# Random Intervals with One Dominant

### Solution 1

Our sample space consists of $(2n)!$ permutations of the given point indices. An interval $J_j$ is dominant in $2(2n-2)!$ cases, as the $2n-2$ indices can be arbitrarily permuted between the two extremes. One of the intervals is dominant in $n\cdot 2(2n-2)!=2n(2n-2)!$ cases. Thus the probability of there being a dominant interval is $\displaystyle \frac{2n(2n-2)!}{(2n)!}=\frac{1}{2n-1}.$

### Solution 2

The problem is reduced to finding adjacent $X_{max}$and $X_{min}$(since only the interval $[X_{max}, X_{min}]$ covers all other intervals) in permutations of $X_1,\ldots,X_{2n}$.

Note that, given that $2 j$ is even, to be compatible with the previous formulation of the problem, we consider intervals $[X_1,X_2]$ and$[X_3,X_4]$,but not $[X_2,X_3]$.

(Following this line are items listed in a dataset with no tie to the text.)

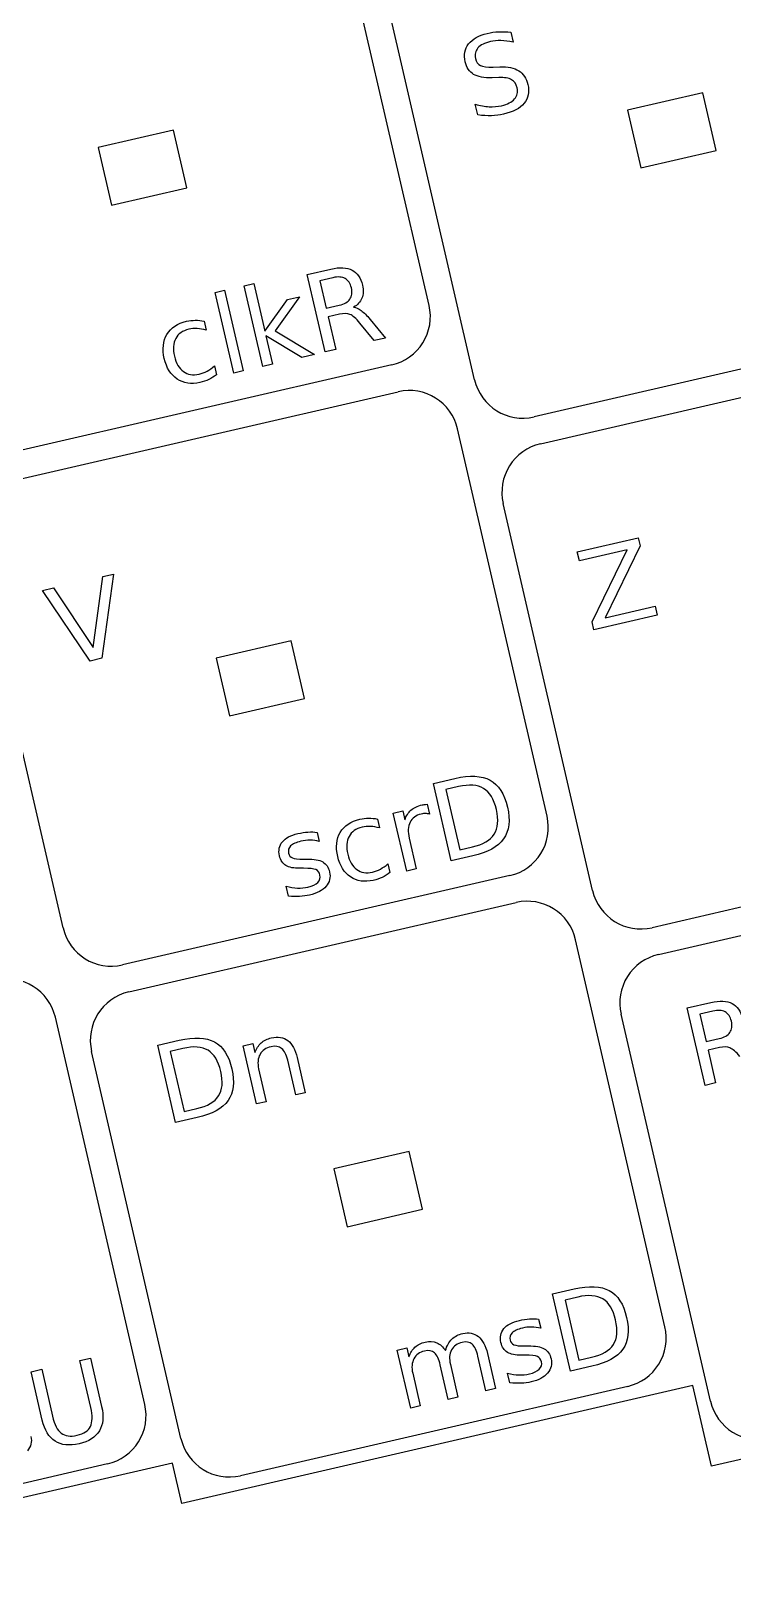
# Model space of a CAD drawing. Extents: x -4 to 403, y -6 to 597.
# Drawn here: x 320.9 to 346.4, y 484.5 to 540.6 of the extents above; entities that cross this region are included whole.
import ezdxf

# ---------------------------------------------------------------- set-up
doc = ezdxf.new("R2010")
doc.units = 0
doc.layers.get('0').update_dxf_attribs({"linetype": 'CONTINUOUS'})

msp = doc.modelspace()

# ---------------------------------------------------------------- linework, layer by layer
at = {"color": 1}
for p, q in [((335.34612, 530.697074), (332.10683, 544.728003)), ((336.995342, 527.998917), (333.756052, 542.029846)), ((345.267303, 538.40132), (342.539089, 537.771457)), ((345.750948, 536.306424), (345.267303, 538.40132)), ((342.539089, 537.771457), (343.022734, 535.676561)), ((326.079438, 537.050359), (323.351196, 536.420495)), ((326.563082, 534.955463), (326.079438, 537.050359)), ((323.351196, 536.420495), (323.83484, 534.325599)), ((343.022734, 535.676561), (345.750948, 536.306424)), ((323.83484, 534.325599), (326.563082, 534.955463)), ((353.185048, 529.889258), (339.154116, 526.649962)), ((339.379075, 525.675593), (353.410007, 528.914886)), ((333.997154, 528.538297), (319.966222, 525.299001)), ((320.191182, 524.324632), (334.222113, 527.563928)), ((339.620178, 512.184044), (336.380888, 526.214973)), ((341.2694, 509.485884), (338.03011, 523.516813)), ((322.081534, 508.134926), (318.842216, 522.165855)), ((330.353496, 518.537329), (327.625254, 517.907466)), ((330.83714, 516.442433), (330.353496, 518.537329)), ((327.625254, 517.907466), (328.108898, 515.81257)), ((328.108898, 515.81257), (330.83714, 516.442433)), ((357.459106, 511.376225), (343.428174, 508.136929)), ((343.653133, 507.16256), (357.684065, 510.401856)), ((338.27124, 510.025267), (324.240309, 506.785971)), ((324.46524, 505.811602), (338.496171, 509.050895)), ((343.894264, 493.671011), (340.654946, 507.70194)), ((325.043795, 490.858498), (321.804505, 504.889427)), ((345.543486, 490.972854), (342.304168, 505.003783)), ((326.355592, 489.621893), (323.116302, 503.652822)), ((334.627582, 500.024296), (331.89934, 499.394433)), ((335.111226, 497.9294), (334.627582, 500.024296)), ((331.89934, 499.394433), (332.382984, 497.299537)), ((332.382984, 497.299537), (335.111226, 497.9294)), ((382.599744, 497.167465), (345.573684, 488.619327)), ((344.898834, 491.542438), (326.38579, 487.268366)), ((342.545298, 491.512234), (328.514367, 488.272938)), ((345.573684, 488.619327), (344.898834, 491.542438)), ((326.048365, 488.729921), (307.535349, 484.455852)), ((323.694829, 488.699721), (309.663926, 485.460425)), ((326.38579, 487.268366), (326.048365, 488.729921))]:
    msp.add_line(p, q, dxfattribs=at)
at = {"color": 5}
for p, q in [((338.308127, 540.603113), (338.393612, 540.232793)), ((337.876778, 538.955181), (337.635168, 538.946912)), ((337.66418, 539.335747), (337.904351, 539.341701)), ((337.11094, 537.598291), (337.020657, 537.989293)), ((330.933604, 531.813452), (331.790797, 532.011352)), ((331.581558, 529.006902), (330.933604, 531.813452)), ((331.862792, 531.699304), (331.385329, 531.589074)), ((331.385329, 531.589074), (331.61534, 530.592776)), ((327.590286, 531.166339), (327.936178, 531.246191)), ((328.265588, 528.24136), (327.590286, 531.166339)), ((327.936178, 531.246191), (328.611451, 528.321212)), ((328.644866, 531.409809), (328.99262, 531.490093)), ((329.320167, 528.484827), (328.644866, 531.409809)), ((328.99262, 531.490093), (329.391457, 529.762549)), ((330.655615, 531.010744), (329.766445, 529.767939)), ((330.213881, 530.90876), (330.655615, 531.010744)), ((329.391457, 529.762549), (330.213881, 530.90876)), ((331.61534, 530.592776), (332.092803, 530.703006)), ((327.192889, 530.126169), (327.267537, 529.802844)), ((332.100988, 530.376204), (331.687447, 530.280726)), ((331.687447, 530.280726), (331.961288, 529.094571)), ((333.35984, 529.417467), (332.834624, 530.054544)), ((333.205351, 530.189638), (333.767764, 529.511642)), ((330.737544, 528.812055), (329.430516, 529.593368)), ((329.430516, 529.593368), (329.667893, 528.565114)), ((329.766445, 529.767939), (331.188676, 528.916209)), ((333.767764, 529.511642), (333.35984, 529.417467)), ((331.188676, 528.916209), (330.737544, 528.812055)), ((331.961288, 529.094571), (331.581558, 529.006902)), ((327.56785, 528.502026), (327.641623, 528.182457)), ((328.611451, 528.321212), (328.265588, 528.24136)), ((329.667893, 528.565114), (329.320167, 528.484827)), ((340.716837, 521.756449), (342.921839, 522.265513)), ((342.988669, 521.976021), (341.721463, 519.368843)), ((342.921839, 522.265513), (342.988669, 521.976021)), ((340.79061, 521.43688), (340.716837, 521.756449)), ((342.521902, 521.836583), (340.79061, 521.43688)), ((341.254696, 519.2294), (342.521902, 521.836583)), ((323.174158, 518.296458), (323.519654, 520.865081)), ((323.914427, 520.956216), (323.492758, 517.90273)), ((323.519654, 520.865081), (323.914427, 520.956216)), ((321.342846, 520.362525), (321.739509, 520.454098)), ((323.062285, 517.803348), (321.342846, 520.362525)), ((321.739509, 520.454098), (323.174158, 518.296458)), ((341.721463, 519.368843), (343.539229, 519.788505)), ((343.539229, 519.788505), (343.613001, 519.468939)), ((341.321526, 518.939908), (341.254696, 519.2294)), ((343.613001, 519.468939), (341.321526, 518.939908)), ((323.492758, 517.90273), (323.062285, 517.803348)), ((335.500947, 513.368138), (336.281094, 513.54825)), ((336.148901, 510.561588), (335.500947, 513.368138)), ((336.411396, 513.249656), (335.952728, 513.14376)), ((335.952728, 513.14376), (336.45658, 510.961305)), ((335.27198, 512.61036), (335.35676, 512.255712)), ((333.47462, 512.076644), (333.549267, 511.753317)), ((334.048095, 512.29417), (334.395849, 512.374457)), ((334.534167, 510.188787), (334.048095, 512.29417)), ((334.395849, 512.374457), (334.471344, 512.047367)), ((331.289683, 511.592015), (331.365206, 511.264931)), ((334.625861, 511.378159), (334.881893, 510.269073)), ((336.92902, 510.741699), (336.148901, 510.561588)), ((336.45658, 510.961305), (336.915247, 511.067198)), ((330.796303, 510.290206), (330.669472, 510.290488)), ((330.792916, 510.621969), (330.917404, 510.623098)), ((333.84958, 510.452501), (333.923353, 510.132932)), ((334.881893, 510.269073), (334.534167, 510.188787)), ((330.247324, 509.280387), (330.164859, 509.63755)), ((344.702633, 505.22947), (345.559827, 505.427367)), ((345.350587, 502.422917), (344.702633, 505.22947)), ((345.631822, 505.11532), (345.154358, 505.005087)), ((345.154358, 505.005087), (345.384369, 504.008789)), ((325.514768, 503.878523), (326.294886, 504.058626)), ((345.384369, 504.008789), (345.861833, 504.119022)), ((326.162722, 501.071973), (325.514768, 503.878523)), ((326.425188, 503.760032), (325.966549, 503.654146)), ((325.966549, 503.654146), (326.4704, 501.471687)), ((328.611028, 503.854811), (328.958782, 503.935095)), ((329.097099, 501.749428), (328.611028, 503.854811)), ((328.958782, 503.935095), (329.034305, 503.608008)), ((330.566969, 503.427256), (330.860339, 502.156508)), ((345.870017, 503.79222), (345.456477, 503.696744)), ((345.456477, 503.696744), (345.730317, 502.510584)), ((329.170138, 503.019631), (329.444853, 501.829711)), ((330.514475, 502.076653), (330.223702, 503.336123)), ((345.730317, 502.510584), (345.350587, 502.422917)), ((329.444853, 501.829711), (329.097099, 501.749428)), ((330.860339, 502.156508), (330.514475, 502.076653)), ((326.94284, 501.252076), (326.162722, 501.071973)), ((326.4704, 501.471687), (326.929068, 501.577577)), ((339.820132, 494.865525), (340.600251, 495.045628)), ((340.468058, 492.058975), (339.820132, 494.865525)), ((340.730553, 494.747034), (340.271914, 494.641145)), ((340.271914, 494.641145), (340.775765, 492.458689)), ((339.315829, 493.945221), (339.391352, 493.618137)), ((334.194061, 492.82811), (334.541843, 492.908399)), ((334.680132, 490.722723), (334.194061, 492.82811)), ((334.541843, 492.908399), (334.617366, 492.581312)), ((338.819062, 492.97517), (338.943578, 492.976299)), ((322.693336, 492.450976), (323.074957, 492.539077)), ((323.086979, 490.745993), (322.693336, 492.450976)), ((323.074957, 492.539077), (323.479409, 490.787098)), ((336.043011, 491.037367), (335.752238, 492.296837)), ((336.11605, 492.307568), (336.390765, 491.117654)), ((337.405891, 491.352011), (337.115117, 492.611481)), ((337.460247, 492.703046), (337.753617, 491.432298)), ((338.82242, 492.643401), (338.695618, 492.643683)), ((341.248177, 492.239081), (340.468058, 492.058975)), ((340.775765, 492.458689), (341.234404, 492.564579)), ((321.330795, 490.291047), (320.926314, 492.043027)), ((320.926427, 492.043027), (321.308048, 492.131128)), ((321.308048, 492.131128), (321.701663, 490.426144)), ((334.753199, 491.992932), (335.027914, 490.803016)), ((338.27347, 491.633581), (338.191005, 491.990745)), ((336.390765, 491.117654), (336.043011, 491.037367)), ((337.753617, 491.432298), (337.405891, 491.352011)), ((335.027914, 490.803016), (334.680132, 490.722723))]:
    msp.add_line(p, q, dxfattribs=at)
for points in [[(336.779414, 540.174951), (336.921879, 540.358317), (337.146641, 540.485447), (337.453643, 540.556332)], [(337.453643, 540.556332), (337.585243, 540.586708), (337.722092, 540.605766), (337.864191, 540.613488)], [(337.864191, 540.613488), (338.00629, 540.621221), (338.154259, 540.61775), (338.308127, 540.603102)], [(336.653514, 539.528126), (336.596251, 539.776256), (336.638274, 539.991862), (336.779414, 540.174951)], [(337.1165, 540.02705), (337.023479, 539.921092), (336.994044, 539.794174), (337.028193, 539.646298)], [(337.568084, 540.258026), (337.361299, 540.21028), (337.210762, 540.133287), (337.1165, 540.02705)], [(337.9501, 540.292762), (337.814492, 540.29708), (337.687125, 540.285509), (337.568084, 540.258026)], [(338.393612, 540.232793), (338.233564, 540.268443), (338.085764, 540.288439), (337.9501, 540.292762)], [(336.959246, 539.070048), (336.804898, 539.16113), (336.702988, 539.313824), (336.653514, 539.528126)], [(337.028193, 539.646298), (337.056838, 539.522231), (337.115484, 539.436774), (337.204186, 539.389933)], [(337.204186, 539.389933), (337.29382, 539.344628), (337.44718, 539.326569), (337.66418, 539.335747)], [(337.635168, 538.946912), (337.338891, 538.937909), (337.113593, 538.978961), (336.959246, 539.070048)], [(338.332567, 538.876269), (338.230685, 538.934585), (338.078737, 538.960885), (337.876778, 538.955181)], [(337.904351, 539.341701), (338.200036, 539.353216), (338.430668, 539.306127), (338.596304, 539.200492)], [(338.535062, 538.582456), (338.503227, 538.720307), (338.435719, 538.818241), (338.332567, 538.876269)], [(338.596304, 539.200492), (338.7629, 539.096394), (338.872543, 538.930303), (338.925177, 538.70222)], [(338.442549, 538.176979), (338.540678, 538.289391), (338.571525, 538.424553), (338.535062, 538.582456)], [(338.925177, 538.70222), (338.987972, 538.430273), (338.944086, 538.203), (338.793493, 538.020396)], [(337.020657, 537.989293), (337.194788, 537.938411), (337.36082, 537.908103), (337.518836, 537.898386)], [(337.518836, 537.898386), (337.676824, 537.888649), (337.827277, 537.900362), (337.970137, 537.933274)], [(337.970137, 537.933274), (338.186941, 537.983326), (338.344421, 538.064561), (338.442549, 538.176979)], [(338.793493, 538.020396), (338.644197, 537.838089), (338.393471, 537.706283), (338.041314, 537.624983)], [(337.606071, 537.572016), (337.450002, 537.56767), (337.28493, 537.576418), (337.11094, 537.598291)], [(338.041314, 537.624983), (337.908472, 537.594311), (337.76341, 537.576664), (337.606071, 537.572016)], [(331.790797, 532.011352), (332.111627, 532.085418), (332.366474, 532.073633), (332.555309, 531.975995)], [(332.305429, 531.668836), (332.193303, 531.73139), (332.045757, 531.741547), (331.862792, 531.699304)], [(332.531913, 531.331061), (332.49401, 531.495229), (332.418516, 531.607819), (332.305429, 531.668836)], [(332.555309, 531.975995), (332.7442, 531.87836), (332.869874, 531.694196), (332.932386, 531.423503)], [(332.477275, 530.924432), (332.551612, 531.031346), (332.569815, 531.166889), (332.531913, 531.331061)], [(332.932386, 531.423503), (332.973167, 531.246798), (332.96566, 531.090627), (332.909808, 530.954983)], [(332.092803, 530.703006), (332.275796, 530.745246), (332.403953, 530.819056), (332.477275, 530.924432)], [(332.477557, 530.366129), (332.376888, 530.40757), (332.251384, 530.410934), (332.100988, 530.376204)], [(332.909808, 530.954983), (332.855255, 530.819632), (332.75484, 530.711309), (332.608621, 530.630032)], [(332.608677, 530.630043), (332.696505, 530.621266), (332.789045, 530.580604), (332.886327, 530.508025)], [(332.886327, 530.508025), (332.984851, 530.435728), (333.091193, 530.329601), (333.205351, 530.189638)], [(325.847084, 529.643219), (325.990933, 529.883659), (326.226984, 530.041777), (326.555349, 530.11759)], [(326.555349, 530.11759), (326.661832, 530.142171), (326.768483, 530.154919), (326.875192, 530.155789)], [(326.944618, 529.85501), (326.840507, 529.860006), (326.738314, 529.850946), (326.63804, 529.827804)], [(326.875192, 530.155789), (326.981618, 530.158046), (327.087507, 530.148056), (327.192889, 530.126178)], [(327.267537, 529.802844), (327.157329, 529.83416), (327.04969, 529.851547), (326.944618, 529.85501)], [(332.834624, 530.054544), (332.698452, 530.221109), (332.579439, 530.324972), (332.477557, 530.366129)], [(325.752173, 528.767924), (325.672897, 529.111298), (325.704534, 529.403062), (325.847084, 529.643219)], [(326.164979, 529.492863), (326.073596, 529.322607), (326.057537, 529.109024), (326.116861, 528.85212)], [(326.63804, 529.827804), (326.413758, 529.776016), (326.256024, 529.664366), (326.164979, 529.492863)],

• $X_{max}$ followed by $X_{min}$

There are $(2n-2)!$ sequences of each

$n \text{ lines}\left\{ \begin{array}{l} (X_{max},X_{min},X_3,X_4,\ldots,X_{2n})\\ (X_1,X_2,X_{max},X_{min},\ldots,X_{2n})\\ ...\\ (X_1,X_2,\ldots,\ldots,X_{max},X_{min})\\ \end{array} \right.$

for a total of $n (2n-2)!$

• $X_{min}$ followed by $X_{max}$

• By mirroring, same $n (2n-2)!$

• Thus

Numerator= $2 n (2 n-2)!$
Denominator(total permutations)= $(2n)!$

$\displaystyle p=\frac{1}{2 n-1}$

Note: thanks to Michael Wiener for correcting for the count of the number of lines.

### Solution 3

Easier path is that $X_{min}$ is equally likely to be paired with any of the other $2n-1$ values. Only $1$ is $X_{max}.$

### Acknowledgment

The problem has been proposed by N. N. Taleb as a follow-up to an earlier question about overlapping intervals. Solution 2 is by N. N. Taleb; Solution 3 is by Michael Weiner; Solution 4 is by Zhuo Xi. Michael Weiner came up with a variant of the problem. Solution 1 to the Variant problem is by Josh Jordan; Solution 2 is by Michael Weiner.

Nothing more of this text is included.